The Interim Thing Works?

Peter King tells us that "Interim coaches, mostly, bring fresh air and new approaches."

there have been seven interim coaches since the start of the 2007 season, and every one of them has had a better winning percentage than the coach he replaced in that season. ... Here's how the last seven teams to make in-season coaching changes have fared with the new man:
I think he's missing the point. Leslie Frazier, Jason Garrett, and Mike Singletary were earmarked as rising stars: they were guys that you would want to hire to be the head guy. Perry Fewell might be in that same category: he looks like he can coach, based on what he's done with the Bills and Giants. Putting THOSE guys in charge might be a good move regardless of when you do it. The other guys on King's list were replacing disasters (Linehan, Lane Kiffin, Bobby Petrino) with solid professional coaches: not stars, but not disasters either.

King's examples do not tell us that it's an awesome idea to fire a coach midseason and appoint an interim. They reinforce how important it is to get the head coaching hire right, which we sort of knew anyway. They also tell us that Frazier, Garret and Singletary (and possibly Fewell) have some potential as head coaches – which we also knew anyway. Not every team has a potential star waiting in the wings.


I suppose I should admit somewhere that (a) I am rooting for Leslie Frazier to succeed, because John Harbaugh said he's tremendous, and (b) I am rooting for Jason Garrett to fail spectacularly, because he was offered the Baltimore head job and turned it down to stay a coordinator (John Elway redux) – plus he's a Cowboy, of course. But who knows, Garrett could turn out to have a little Sean Payton in him. Which would be frightening.

2 comments:

  1. The Lions have an interesting recent history with interims, the more interesting than the first. In 1988 Darryl Rogers was fired midstream after a fairly disastrous four years and Wayne Fontes made interim. The team played a bit for him down the stretch and he went 2-3 which I guess was good enough. He inherited a team with a really solid young nucleus, they drafted Barry Sanders that winter and the team teased and teased for the next decade. It's hard to say what would have happened sans Fontes though.
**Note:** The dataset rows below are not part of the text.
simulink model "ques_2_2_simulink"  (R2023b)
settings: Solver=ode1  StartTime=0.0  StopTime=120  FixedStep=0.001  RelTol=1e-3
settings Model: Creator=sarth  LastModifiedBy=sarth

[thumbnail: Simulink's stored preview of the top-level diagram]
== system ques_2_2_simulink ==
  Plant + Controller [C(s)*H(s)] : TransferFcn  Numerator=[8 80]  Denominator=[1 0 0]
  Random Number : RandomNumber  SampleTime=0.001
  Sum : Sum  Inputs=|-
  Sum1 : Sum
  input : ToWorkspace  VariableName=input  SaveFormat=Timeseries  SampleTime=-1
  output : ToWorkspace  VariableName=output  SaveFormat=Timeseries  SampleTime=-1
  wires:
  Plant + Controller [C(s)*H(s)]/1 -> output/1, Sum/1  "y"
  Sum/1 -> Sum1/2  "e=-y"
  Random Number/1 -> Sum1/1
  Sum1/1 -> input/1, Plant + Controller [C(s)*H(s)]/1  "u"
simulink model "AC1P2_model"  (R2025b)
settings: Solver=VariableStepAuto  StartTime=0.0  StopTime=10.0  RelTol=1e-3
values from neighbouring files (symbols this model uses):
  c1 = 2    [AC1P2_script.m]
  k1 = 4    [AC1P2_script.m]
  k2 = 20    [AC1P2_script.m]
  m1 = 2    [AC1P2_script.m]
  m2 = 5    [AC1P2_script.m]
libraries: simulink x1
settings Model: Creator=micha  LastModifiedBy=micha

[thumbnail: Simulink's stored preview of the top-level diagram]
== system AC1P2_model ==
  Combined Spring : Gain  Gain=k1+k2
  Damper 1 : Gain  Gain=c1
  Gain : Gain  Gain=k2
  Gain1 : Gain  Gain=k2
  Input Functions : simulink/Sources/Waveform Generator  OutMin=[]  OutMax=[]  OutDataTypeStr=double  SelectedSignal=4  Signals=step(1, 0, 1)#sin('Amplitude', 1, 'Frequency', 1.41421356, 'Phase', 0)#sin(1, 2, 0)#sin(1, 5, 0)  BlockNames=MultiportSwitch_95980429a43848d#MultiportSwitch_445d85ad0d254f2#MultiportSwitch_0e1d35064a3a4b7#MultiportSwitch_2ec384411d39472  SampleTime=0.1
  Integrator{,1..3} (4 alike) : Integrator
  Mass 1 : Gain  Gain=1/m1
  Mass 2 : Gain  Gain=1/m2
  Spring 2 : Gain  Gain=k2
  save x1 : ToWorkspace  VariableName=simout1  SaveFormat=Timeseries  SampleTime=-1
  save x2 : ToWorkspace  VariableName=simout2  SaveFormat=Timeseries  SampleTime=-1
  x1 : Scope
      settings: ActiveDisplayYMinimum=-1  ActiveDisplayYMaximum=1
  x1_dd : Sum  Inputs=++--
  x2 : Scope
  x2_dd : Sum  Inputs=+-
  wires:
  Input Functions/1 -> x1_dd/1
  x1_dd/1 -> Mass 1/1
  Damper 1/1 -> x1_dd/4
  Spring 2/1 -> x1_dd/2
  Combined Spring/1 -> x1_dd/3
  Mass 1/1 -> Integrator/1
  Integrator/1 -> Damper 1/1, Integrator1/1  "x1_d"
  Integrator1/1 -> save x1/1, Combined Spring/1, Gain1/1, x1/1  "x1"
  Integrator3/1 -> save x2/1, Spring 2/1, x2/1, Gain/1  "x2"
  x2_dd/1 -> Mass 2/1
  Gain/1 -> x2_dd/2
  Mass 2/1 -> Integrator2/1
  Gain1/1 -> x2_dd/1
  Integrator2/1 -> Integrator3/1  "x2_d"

While I like to think that a great coach would have gotten a championship or two out of that group, the Lion braintrust hadn't hired a great head coach since Buddy Parker (with some apologies to Joe Schmidt).

    The more interesting one was in 2000. Bobby Ross quit with the team at 5-4, giving over to Gary Moeller. Moeller went 4-2 in his first six, before losing the last game and a playoff spot on a 47 yard field goal to the Bears as time expired.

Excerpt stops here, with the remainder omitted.